┌──
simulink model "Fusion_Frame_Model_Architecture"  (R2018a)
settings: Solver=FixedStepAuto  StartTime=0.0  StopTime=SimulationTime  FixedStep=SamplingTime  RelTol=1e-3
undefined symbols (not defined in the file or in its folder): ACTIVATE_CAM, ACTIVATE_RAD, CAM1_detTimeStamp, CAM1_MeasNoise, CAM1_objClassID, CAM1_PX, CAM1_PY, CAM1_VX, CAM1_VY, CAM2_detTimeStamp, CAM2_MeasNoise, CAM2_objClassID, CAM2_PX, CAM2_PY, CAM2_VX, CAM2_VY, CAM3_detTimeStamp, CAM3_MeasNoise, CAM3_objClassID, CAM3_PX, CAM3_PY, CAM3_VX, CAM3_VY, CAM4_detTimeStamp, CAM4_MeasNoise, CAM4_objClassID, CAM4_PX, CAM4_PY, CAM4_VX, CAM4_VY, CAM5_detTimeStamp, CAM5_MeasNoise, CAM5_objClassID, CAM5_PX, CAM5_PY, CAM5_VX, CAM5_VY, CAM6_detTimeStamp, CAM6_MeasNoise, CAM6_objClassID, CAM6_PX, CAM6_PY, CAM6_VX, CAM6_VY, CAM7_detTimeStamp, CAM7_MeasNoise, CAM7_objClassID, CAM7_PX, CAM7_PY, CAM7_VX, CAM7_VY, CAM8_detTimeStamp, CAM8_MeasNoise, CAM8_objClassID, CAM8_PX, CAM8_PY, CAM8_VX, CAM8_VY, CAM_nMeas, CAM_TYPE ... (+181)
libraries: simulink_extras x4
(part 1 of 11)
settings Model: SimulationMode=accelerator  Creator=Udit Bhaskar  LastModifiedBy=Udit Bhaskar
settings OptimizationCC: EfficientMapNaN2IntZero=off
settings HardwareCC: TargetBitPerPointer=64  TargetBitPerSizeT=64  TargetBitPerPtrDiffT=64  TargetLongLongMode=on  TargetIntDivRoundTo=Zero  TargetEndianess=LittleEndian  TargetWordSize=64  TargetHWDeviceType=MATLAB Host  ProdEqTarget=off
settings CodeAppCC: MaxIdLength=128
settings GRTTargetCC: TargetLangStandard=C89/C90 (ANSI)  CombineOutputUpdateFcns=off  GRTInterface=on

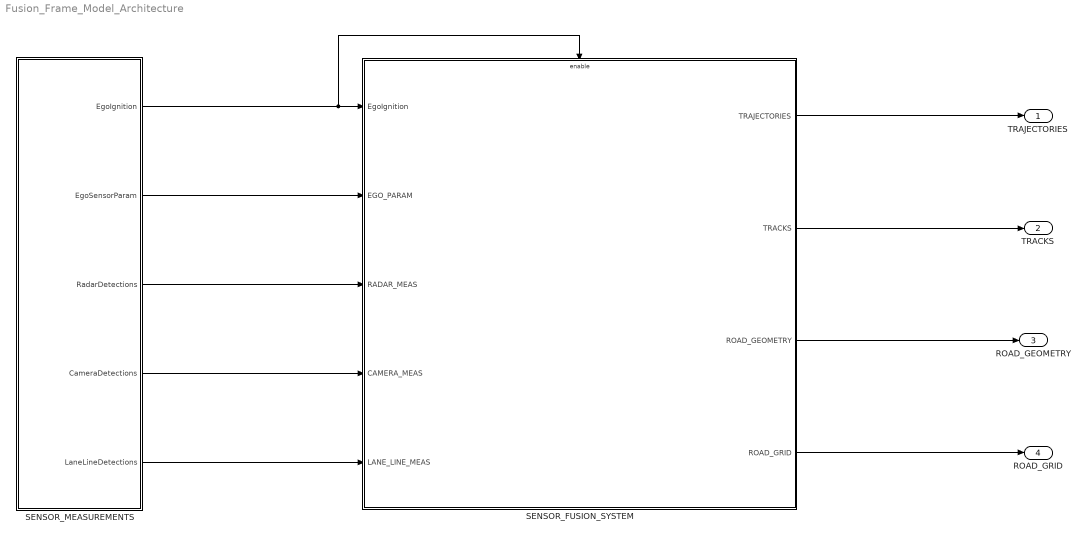
== system Fusion_Frame_Model_Architecture ==
  SENSOR_FUSION_SYSTEM : Subsystem
  SENSOR_MEASUREMENTS : Subsystem
  TRAJECTORIES : Outport
  TRACKS : Outport  Port=2
  ROAD_GEOMETRY : Outport  Port=3
  ROAD_GRID : Outport  Port=4
  wires:
  SENSOR_MEASUREMENTS/2(EgoSensorParam) -> SENSOR_FUSION_SYSTEM/2(EGO_PARAM)
  SENSOR_MEASUREMENTS/3(RadarDetections) -> SENSOR_FUSION_SYSTEM/3(RADAR_MEAS)
  SENSOR_MEASUREMENTS/4(CameraDetections) -> SENSOR_FUSION_SYSTEM/4(CAMERA_MEAS)
  SENSOR_MEASUREMENTS/5(LaneLineDetections) -> SENSOR_FUSION_SYSTEM/5(LANE_LINE_MEAS)
  SENSOR_FUSION_SYSTEM/2(TRACKS) -> TRACKS/1
  SENSOR_FUSION_SYSTEM/4(ROAD_GRID) -> ROAD_GRID/1
  SENSOR_FUSION_SYSTEM/1(TRAJECTORIES) -> TRAJECTORIES/1
  SENSOR_FUSION_SYSTEM/3(ROAD_GEOMETRY) -> ROAD_GEOMETRY/1
  SENSOR_MEASUREMENTS/1(EgoIgnition) -> SENSOR_FUSION_SYSTEM/1(EgoIgnition), SENSOR_FUSION_SYSTEM/Enable

== system Fusion_Frame_Model_Architecture/SENSOR_FUSION_SYSTEM ==
  EgoIgnition : Inport
  EGO_PARAM : Inport  Port=2
  RADAR_MEAS : Inport  Port=3
  CAMERA_MEAS : Inport  Port=4
  LANE_LINE_MEAS : Inport  Port=5
  Enable : EnablePort
  OBJECT_TRACKER_SENSOR_FUSION : Subsystem
  ROAD_GEOMETRY_CAMERA_FUSION : Subsystem
  Terminator : Terminator
  TRAJECTORIES : Outport
  TRACKS : Outport  Port=2
  ROAD_GEOMETRY : Outport  Port=3
  ROAD_GRID : Outport  Port=4
  wires:
  RADAR_MEAS/1 -> OBJECT_TRACKER_SENSOR_FUSION/3(RadCAN)
  LANE_LINE_MEAS/1 -> ROAD_GEOMETRY_CAMERA_FUSION/3(LINE_MEAS)
  OBJECT_TRACKER_SENSOR_FUSION/4(CamParam) -> ROAD_GEOMETRY_CAMERA_FUSION/1(CAM_SNSR_PARAM)
  [ego] -> ROAD_GEOMETRY_CAMERA_FUSION/2(EGO_PARAM)
  EGO_PARAM/1 -> [ego], OBJECT_TRACKER_SENSOR_FUSION/2(EgoData)
  CAMERA_MEAS/1 -> OBJECT_TRACKER_SENSOR_FUSION/4(CamCAN)
  EgoIgnition/1 -> OBJECT_TRACKER_SENSOR_FUSION/1(EgoIgnition)
  OBJECT_TRACKER_SENSOR_FUSION/1("TRAJECTORY_DATA ") -> TRAJECTORIES/1
  OBJECT_TRACKER_SENSOR_FUSION/2(TRACK_DATA) -> TRACKS/1
  ROAD_GEOMETRY_CAMERA_FUSION/1(ROAD_GEOMETRY) -> ROAD_GEOMETRY/1
  ROAD_GEOMETRY_CAMERA_FUSION/2(ROAD_GRID) -> ROAD_GRID/1
  OBJECT_TRACKER_SENSOR_FUSION/3(SENSOR_FOV_GRID) -> Terminator/1

== system Fusion_Frame_Model_Architecture/SENSOR_MEASUREMENTS ==
  RADAR_CAMERA_EGO_SENSOR_INTERFACE : Subsystem
  Subsystem : Subsystem
  Subsystem1 : Subsystem
  EgoIgnition : Outport
  EgoSensorParam : Outport  Port=2
  RadarDetections : Outport  Port=3
  CameraDetections : Outport  Port=4
  LaneLineDetections : Outport  Port=5
  wires:
  RADAR_CAMERA_EGO_SENSOR_INTERFACE/11(C5) -> Subsystem/11(C5)
  RADAR_CAMERA_EGO_SENSOR_INTERFACE/4(R4) -> Subsystem/4(R4)
  RADAR_CAMERA_EGO_SENSOR_INTERFACE/2(R2) -> Subsystem/2(R2)
  RADAR_CAMERA_EGO_SENSOR_INTERFACE/5(R5) -> Subsystem/5(R5)
  RADAR_CAMERA_EGO_SENSOR_INTERFACE/6(R6) -> Subsystem/6(R6)
  RADAR_CAMERA_EGO_SENSOR_INTERFACE/1(R1) -> Subsystem/1(R1)
  Subsystem/1(RadarMeasurementCAN) -> RadarDetections/1
  RADAR_CAMERA_EGO_SENSOR_INTERFACE/9(C3) -> Subsystem/9(C3)
  RADAR_CAMERA_EGO_SENSOR_INTERFACE/8(C2) -> Subsystem/8(C2)
  RADAR_CAMERA_EGO_SENSOR_INTERFACE/3(R3) -> Subsystem/3(R3)
  RADAR_CAMERA_EGO_SENSOR_INTERFACE/13(C7) -> Subsystem/13(C7)
  RADAR_CAMERA_EGO_SENSOR_INTERFACE/7(C1) -> Subsystem/7(C1)
  RADAR_CAMERA_EGO_SENSOR_INTERFACE/10(C4) -> Subsystem/10(C4)
  RADAR_CAMERA_EGO_SENSOR_INTERFACE/12(C6) -> Subsystem/12(C6)
  Subsystem/2(CameraMeasurementCAN) -> CameraDetections/1
  RADAR_CAMERA_EGO_SENSOR_INTERFACE/14(C8) -> Subsystem/14(C8)
  RADAR_CAMERA_EGO_SENSOR_INTERFACE/15(CAM_LINE1) -> Subsystem1/1(CAM_LINE1)
  RADAR_CAMERA_EGO_SENSOR_INTERFACE/16(CAM_LINE2) -> Subsystem1/2(CAM_LINE2)
  RADAR_CAMERA_EGO_SENSOR_INTERFACE/17(CAM_LINE3) -> Subsystem1/3(CAM_LINE3)
  RADAR_CAMERA_EGO_SENSOR_INTERFACE/18(CAM_LINE4) -> Subsystem1/4(CAM_LINE4)
  RADAR_CAMERA_EGO_SENSOR_INTERFACE/19(CAM_LINE5) -> Subsystem1/5(CAM_LINE5)
  RADAR_CAMERA_EGO_SENSOR_INTERFACE/20(CAM_LINE6) -> Subsystem1/6(CAM_LINE6)
  RADAR_CAMERA_EGO_SENSOR_INTERFACE/21(CAM_LINE7) -> Subsystem1/7(CAM_LINE7)
  RADAR_CAMERA_EGO_SENSOR_INTERFACE/22(CAM_LINE8) -> Subsystem1/8(CAM_LINE8)
  Subsystem1/1(LineMeasurementsCAN) -> LaneLineDetections/1
  RADAR_CAMERA_EGO_SENSOR_INTERFACE/23(EGO) -> EgoSensorParam/1
  RADAR_CAMERA_EGO_SENSOR_INTERFACE/24(EgoIgnition) -> EgoIgnition/1

== system Fusion_Frame_Model_Architecture/SENSOR_FUSION_SYSTEM/OBJECT_TRACKER_SENSOR_FUSION ==
  EgoIgnition : Inport
  EgoData : Inport  Port=2
  RadCAN : Inport  Port=3
  CamCAN : Inport  Port=4
  CAMERA_HOMOGENEOUS_FUSION : Subsystem
  RADAR_CAMERA_HETEROGENEOUS_FUSION : Subsystem
  RADAR_HOMOGENEOUS_FUSION : Subsystem
  SENSOR_LAYOUT_AND_CHRACTERIZATION : Subsystem
  SPATIAL_ALLIGNMENT1 : Subsystem
  TRACKS_TRAJECTORY_COMPUTATION : Subsystem
  Unit Delay : UnitDelay  InitialCondition=false  SampleTime=-1
  "TRAJECTORY_DATA " : Outport
  TRACK_DATA : Outport  Port=2
  SENSOR_FOV_GRID : Outport  Port=3
  CamParam : Outport  Port=4
  wires:
  EgoData/1 -> TRACKS_TRAJECTORY_COMPUTATION/2(EGO_DATA)
  SPATIAL_ALLIGNMENT1/1(RadarMeasTransformed) -> RADAR_HOMOGENEOUS_FUSION/3(RADAR_MEAS)
  RadCAN/1 -> SPATIAL_ALLIGNMENT1/3(RadarCAN)
  SPATIAL_ALLIGNMENT1/2(CameraMeasTransformed) -> CAMERA_HOMOGENEOUS_FUSION/2(CAMERA_MEAS)
  CamCAN/1 -> SPATIAL_ALLIGNMENT1/4(CameraCAN)
  SENSOR_LAYOUT_AND_CHRACTERIZATION/1(RAD_SNSR_PARAM) -> SPATIAL_ALLIGNMENT1/1(RadarCallibrationParam), [RAD_PARAM]
  SENSOR_LAYOUT_AND_CHRACTERIZATION/2(CAM_SNSR_PARAM) -> SPATIAL_ALLIGNMENT1/2(CameraCallibrationParam), [CAM_PARAM]
  SENSOR_LAYOUT_AND_CHRACTERIZATION/3(GRID_CHARACTERIZATION) -> [GRID]
  EgoIgnition/1 -> Unit Delay/1
  Unit Delay/1 -> SENSOR_LAYOUT_AND_CHRACTERIZATION/Trigger
  [GRID] -> CAMERA_HOMOGENEOUS_FUSION/1(GRID), RADAR_HOMOGENEOUS_FUSION/4(GRID)
  RADAR_HOMOGENEOUS_FUSION/1(RADAR_TRACKS_FUS) -> RADAR_CAMERA_HETEROGENEOUS_FUSION/1(RADAR_TRACKS_FUS), RADAR_HOMOGENEOUS_FUSION/1(RADAR_TRACKS_PREV)
  CAMERA_HOMOGENEOUS_FUSION/1(CAMERA_TRACKS_FUS) -> RADAR_CAMERA_HETEROGENEOUS_FUSION/2(CAMERA_TRACKS_FUS), CAMERA_HOMOGENEOUS_FUSION/4(CAMERA_TRACKS_PREV)
  TRACKS_TRAJECTORY_COMPUTATION/1(TRAJECTORY) -> "TRAJECTORY_DATA "/1, TRACKS_TRAJECTORY_COMPUTATION/1(TRAJECTORIES_PREV)
  [RAD_PARAM] -> RADAR_HOMOGENEOUS_FUSION/2(RAD_PARAM)
  [CAM_PARAM] -> CAMERA_HOMOGENEOUS_FUSION/3(CAM_PARAM)
  RADAR_CAMERA_HETEROGENEOUS_FUSION/1(FUS_TRACKS) -> TRACKS_TRAJECTORY_COMPUTATION/3(RAD_CAM_TRACKS_FUS), TRACK_DATA/1, RADAR_CAMERA_HETEROGENEOUS_FUSION/3(RAD_CAM_TRACKS_PREV)
  [GRID] -> SENSOR_FOV_GRID/1
  [CAM_PARAM] -> CamParam/1

== system Fusion_Frame_Model_Architecture/SENSOR_FUSION_SYSTEM/ROAD_GEOMETRY_CAMERA_FUSION ==
  CAM_SNSR_PARAM : Inport
  EGO_PARAM : Inport  Port=2
  LINE_MEAS : Inport  Port=3
  EGO_LANE_CENTER_LINE_ESTIMATION_FROM_LEFT_BOUNDARY : Subsystem
  EGO_LANE_CENTER_LINE_ESTIMATION_FROM_RIGHT_BOUNDARY : Subsystem
  EGO_LANE_CENTER_LINE_HYPOTHESIS_FUSION : Subsystem
  EGO_LANE_LEFT_BOUNDARY_LINE_FUSION : Subsystem
  EGO_LANE_RIGHT_BOUNDARY_LINE_FUSION : Subsystem
  EGO_LANE_WIDTH_ESTIMATION : Subsystem
  ROAD_GEOMERY_AND_GRID_COMPUTATION : Subsystem
  SPATIAL_ALLIGNMENT_CLOTHOID_COEFFICIENTS : Subsystem
  ROAD_GEOMETRY : Outport
  ROAD_GRID : Outport  Port=2
  wires:
  LINE_MEAS/1 -> SPATIAL_ALLIGNMENT_CLOTHOID_COEFFICIENTS/2(LINE_CLOTHOID_MEASUREMENTS)
  EGO_LANE_LEFT_BOUNDARY_LINE_FUSION/1(EGO_LANE_LEFT_LINE_TRACK) -> EGO_LANE_WIDTH_ESTIMATION/2(EGO_LANE_RIGHT_LINE_TRACK), EGO_LANE_LEFT_BOUNDARY_LINE_FUSION/1(EGO_LANE_LEFT_LINE_TRACK_prev), EGO_LANE_CENTER_LINE_ESTIMATION_FROM_LEFT_BOUNDARY/2(EGO_LANE_LEFT_LINE_TRACK)
  EGO_LANE_CENTER_LINE_HYPOTHESIS_FUSION/1(EGO_LANE_CENTER_LINE_CURR) -> ROAD_GEOMERY_AND_GRID_COMPUTATION/2(EGO_LANE_CENTER_LINE_TRACK)
  CAM_SNSR_PARAM/1 -> SPATIAL_ALLIGNMENT_CLOTHOID_COEFFICIENTS/1(CAM_SENSOR_PARAM)
  SPATIAL_ALLIGNMENT_CLOTHOID_COEFFICIENTS/1(LEFT_LINE_MEAS) -> EGO_LANE_LEFT_BOUNDARY_LINE_FUSION/2(EGO_LANE_LEFT_LINE_MEAS)
  EGO_LANE_RIGHT_BOUNDARY_LINE_FUSION/1(EGO_LANE_RIGHT_LINE_TRACK) -> EGO_LANE_WIDTH_ESTIMATION/3(EGO_LANE_LEFT_LINE_TRACK), EGO_LANE_CENTER_LINE_ESTIMATION_FROM_RIGHT_BOUNDARY/2(EGO_LANE_RIGHT_LINE_TRACK), EGO_LANE_RIGHT_BOUNDARY_LINE_FUSION/2(EGO_LANE_RIGHT_LINE_TRACK_prev)
  EGO_LANE_WIDTH_ESTIMATION/1(EGO_LANE_WIDTH) -> EGO_LANE_WIDTH_ESTIMATION/1(EGO_LANE_WIDTH_prev), EGO_LANE_CENTER_LINE_ESTIMATION_FROM_LEFT_BOUNDARY/3(EGO_LANE_WIDTH), EGO_LANE_CENTER_LINE_ESTIMATION_FROM_RIGHT_BOUNDARY/1(EGO_LANE_WIDTH), [WIDTH]
  EGO_LANE_CENTER_LINE_ESTIMATION_FROM_LEFT_BOUNDARY/1(EGO_LANE_CENTER_LINE_TRACK_HYP1) -> EGO_LANE_CENTER_LINE_HYPOTHESIS_FUSION/1(EGO_LANE_CENTER_LINE_HYP1)
  ROAD_GEOMERY_AND_GRID_COMPUTATION/2(ROAD_GRID) -> ROAD_GRID/1, ROAD_GEOMERY_AND_GRID_COMPUTATION/4(ROAD_GRID_prev)
  EGO_PARAM/1 -> [EGO_PARAM]
  [WIDTH] -> ROAD_GEOMERY_AND_GRID_COMPUTATION/1(EGO_LANE_WIDTH)
  [EGO_PARAM] -> ROAD_GEOMERY_AND_GRID_COMPUTATION/3(EGO_PARAM)
  ROAD_GEOMERY_AND_GRID_COMPUTATION/1(ROAD_GEOMETRY) -> ROAD_GEOMETRY/1
  SPATIAL_ALLIGNMENT_CLOTHOID_COEFFICIENTS/2("RIGHT_LINE_MEAS ") -> EGO_LANE_RIGHT_BOUNDARY_LINE_FUSION/1(EGO_LANE_RIGHT_LINE_MEAS)
  EGO_LANE_CENTER_LINE_ESTIMATION_FROM_RIGHT_BOUNDARY/1(EGO_LANE_CENTER_LINE_TRACK_HYP2) -> EGO_LANE_CENTER_LINE_HYPOTHESIS_FUSION/2(EGO_LANE_CENTER_LINE_HYP2)
  EGO_LANE_CENTER_LINE_HYPOTHESIS_FUSION/2(EGO_LANE_CENTER_LINE_PRED) -> EGO_LANE_CENTER_LINE_ESTIMATION_FROM_RIGHT_BOUNDARY/3(EGO_LANE_CENTER_LINE_TRACK_pred), EGO_LANE_CENTER_LINE_ESTIMATION_FROM_LEFT_BOUNDARY/1(EGO_LANE_CENTER_LINE_TRACK_pred)

== system Fusion_Frame_Model_Architecture/SENSOR_MEASUREMENTS/RADAR_CAMERA_EGO_SENSOR_INTERFACE ==
  CameraSensors : Subsystem
  Clock : Subsystem
  EgoSensors : Subsystem
  Ground{,1..3} (4 alike) : Ground
  RadarSensors : Subsystem
  RoadSensors : Subsystem
  R1 : Outport
  R2 : Outport  Port=2
  R3 : Outport  Port=3
  R4 : Outport  Port=4
  R5 : Outport  Port=5
  R6 : Outport  Port=6
  C1 : Outport  Port=7
  C2 : Outport  Port=8
  C3 : Outport  Port=9
  C4 : Outport  Port=10
  C5 : Outport  Port=11
  C6 : Outport  Port=12
  C7 : Outport  Port=13
  C8 : Outport  Port=14
  CAM_LINE1 : Outport  Port=15
  CAM_LINE2 : Outport  Port=16
  CAM_LINE3 : Outport  Port=17
  CAM_LINE4 : Outport  Port=18
  CAM_LINE5 : Outport  Port=19
  CAM_LINE6 : Outport  Port=20
  CAM_LINE7 : Outport  Port=21
  CAM_LINE8 : Outport  Port=22
  EGO : Outport  Port=23
  EgoIgnition : Outport  Port=24
  wires:
  RadarSensors/6(R6) -> R6/1
  RadarSensors/4(R4) -> R4/1
  Clock/2(nObjRadar) -> RadarSensors/2(nObjRadar)
  Clock/3(nObjCamera) -> CameraSensors/2(nObjCamera)
  CameraSensors/3(C3) -> C3/1
  RadarSensors/5(R5) -> R5/1
  CameraSensors/5(C5) -> C5/1
  CameraSensors/4(C4) -> C4/1
  CameraSensors/8(C8) -> C8/1
  CameraSensors/7(C7) -> C7/1
  CameraSensors/6(C6) -> C6/1
  CameraSensors/2(C2) -> C2/1
  RadarSensors/2(R2) -> R2/1
  RadarSensors/3(R3) -> R3/1
  CameraSensors/1(C1) -> C1/1
  RadarSensors/1(R1) -> R1/1
  Clock/1(time) -> CameraSensors/1(time), RoadSensors/1(time), EgoSensors/1(timeIdx), RadarSensors/1(time)
  Clock/4(nLinesCamera) -> RoadSensors/2(nLinesCamera)
  RoadSensors/1(C1) -> CAM_LINE1/1
  RoadSensors/2(C2) -> CAM_LINE2/1
  RoadSensors/3(C3) -> CAM_LINE3/1
  RoadSensors/4(C4) -> CAM_LINE4/1
  RoadSensors/5(C5) -> CAM_LINE5/1
  RoadSensors/6(C6) -> CAM_LINE6/1
  RoadSensors/7(C7) -> CAM_LINE7/1
  RoadSensors/8(C8) -> CAM_LINE8/1
  EgoSensors/1(EgoSensorData) -> EGO/1
  Ground1/1 -> RadarSensors/3(RADSensorBUS)
  Ground2/1 -> CameraSensors/3(CAMSensorBUS)
  Ground/1 -> EgoSensors/2(In1)
  Ground3/1 -> RoadSensors/3(CameraLineCoeff1)
  EgoSensors/2(EgoIgnitionStatus) -> EgoIgnition/1

== system Fusion_Frame_Model_Architecture/SENSOR_MEASUREMENTS/Subsystem ==
  R1 : Inport
  R2 : Inport  Port=2
  R3 : Inport  Port=3
  R4 : Inport  Port=4
  R5 : Inport  Port=5
  R6 : Inport  Port=6
  C1 : Inport  Port=7
  C2 : Inport  Port=8
  C3 : Inport  Port=9
  C4 : Inport  Port=10
  C5 : Inport  Port=11
  C6 : Inport  Port=12
  C7 : Inport  Port=13
  C8 : Inport  Port=14
  Bus Creator : BusCreator  Inputs=6  OutDataTypeStr=Bus: RAD_MEAS_INTERFACE  NonVirtualBus=on
      settings: InheritFromInputs=off
  Bus Creator1 : BusCreator  Inputs=8  OutDataTypeStr=Bus: CAM_MEAS_INTERFACE  NonVirtualBus=on
      settings: InheritFromInputs=off
  RadarMeasurementCAN : Outport
  CameraMeasurementCAN : Outport  Port=2
  wires:
  R1/1 -> Bus Creator/1  "R1"
  R6/1 -> Bus Creator/6  "R6"
  R5/1 -> Bus Creator/5  "R5"
  R4/1 -> Bus Creator/4  "R4"
  R3/1 -> Bus Creator/3  "R3"
  R2/1 -> Bus Creator/2  "R2"
  Bus Creator/1 -> RadarMeasurementCAN/1
  C1/1 -> Bus Creator1/1  "C1"
  C2/1 -> Bus Creator1/2  "C2"
  C3/1 -> Bus Creator1/3  "C3"
  C4/1 -> Bus Creator1/4  "C4"
  C5/1 -> Bus Creator1/5  "C5"
  C6/1 -> Bus Creator1/6  "C6"
  C7/1 -> Bus Creator1/7  "C7"
  C8/1 -> Bus Creator1/8  "C8"
  Bus Creator1/1 -> CameraMeasurementCAN/1

== system Fusion_Frame_Model_Architecture/SENSOR_MEASUREMENTS/Subsystem1 ==
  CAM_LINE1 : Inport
└──
ABOUT THIS EXERCISE: Would you print exactly, and only, the lines of the data above from the line with "C6 : Outport" through the line with "RoadSensors/1(time), EgoSensors/1(timeIdx), RadarSensors/1(time)", inclusive?

THE ANSWER:
  C6 : Outport  Port=12
  C7 : Outport  Port=13
  C8 : Outport  Port=14
  CAM_LINE1 : Outport  Port=15
  CAM_LINE2 : Outport  Port=16
  CAM_LINE3 : Outport  Port=17
  CAM_LINE4 : Outport  Port=18
  CAM_LINE5 : Outport  Port=19
  CAM_LINE6 : Outport  Port=20
  CAM_LINE7 : Outport  Port=21
  CAM_LINE8 : Outport  Port=22
  EGO : Outport  Port=23
  EgoIgnition : Outport  Port=24
  wires:
  RadarSensors/6(R6) -> R6/1
  RadarSensors/4(R4) -> R4/1
  Clock/2(nObjRadar) -> RadarSensors/2(nObjRadar)
  Clock/3(nObjCamera) -> CameraSensors/2(nObjCamera)
  CameraSensors/3(C3) -> C3/1
  RadarSensors/5(R5) -> R5/1
  CameraSensors/5(C5) -> C5/1
  CameraSensors/4(C4) -> C4/1
  CameraSensors/8(C8) -> C8/1
  CameraSensors/7(C7) -> C7/1
  CameraSensors/6(C6) -> C6/1
  CameraSensors/2(C2) -> C2/1
  RadarSensors/2(R2) -> R2/1
  RadarSensors/3(R3) -> R3/1
  CameraSensors/1(C1) -> C1/1
  RadarSensors/1(R1) -> R1/1
  Clock/1(time) -> CameraSensors/1(time), RoadSensors/1(time), EgoSensors/1(timeIdx), RadarSensors/1(time)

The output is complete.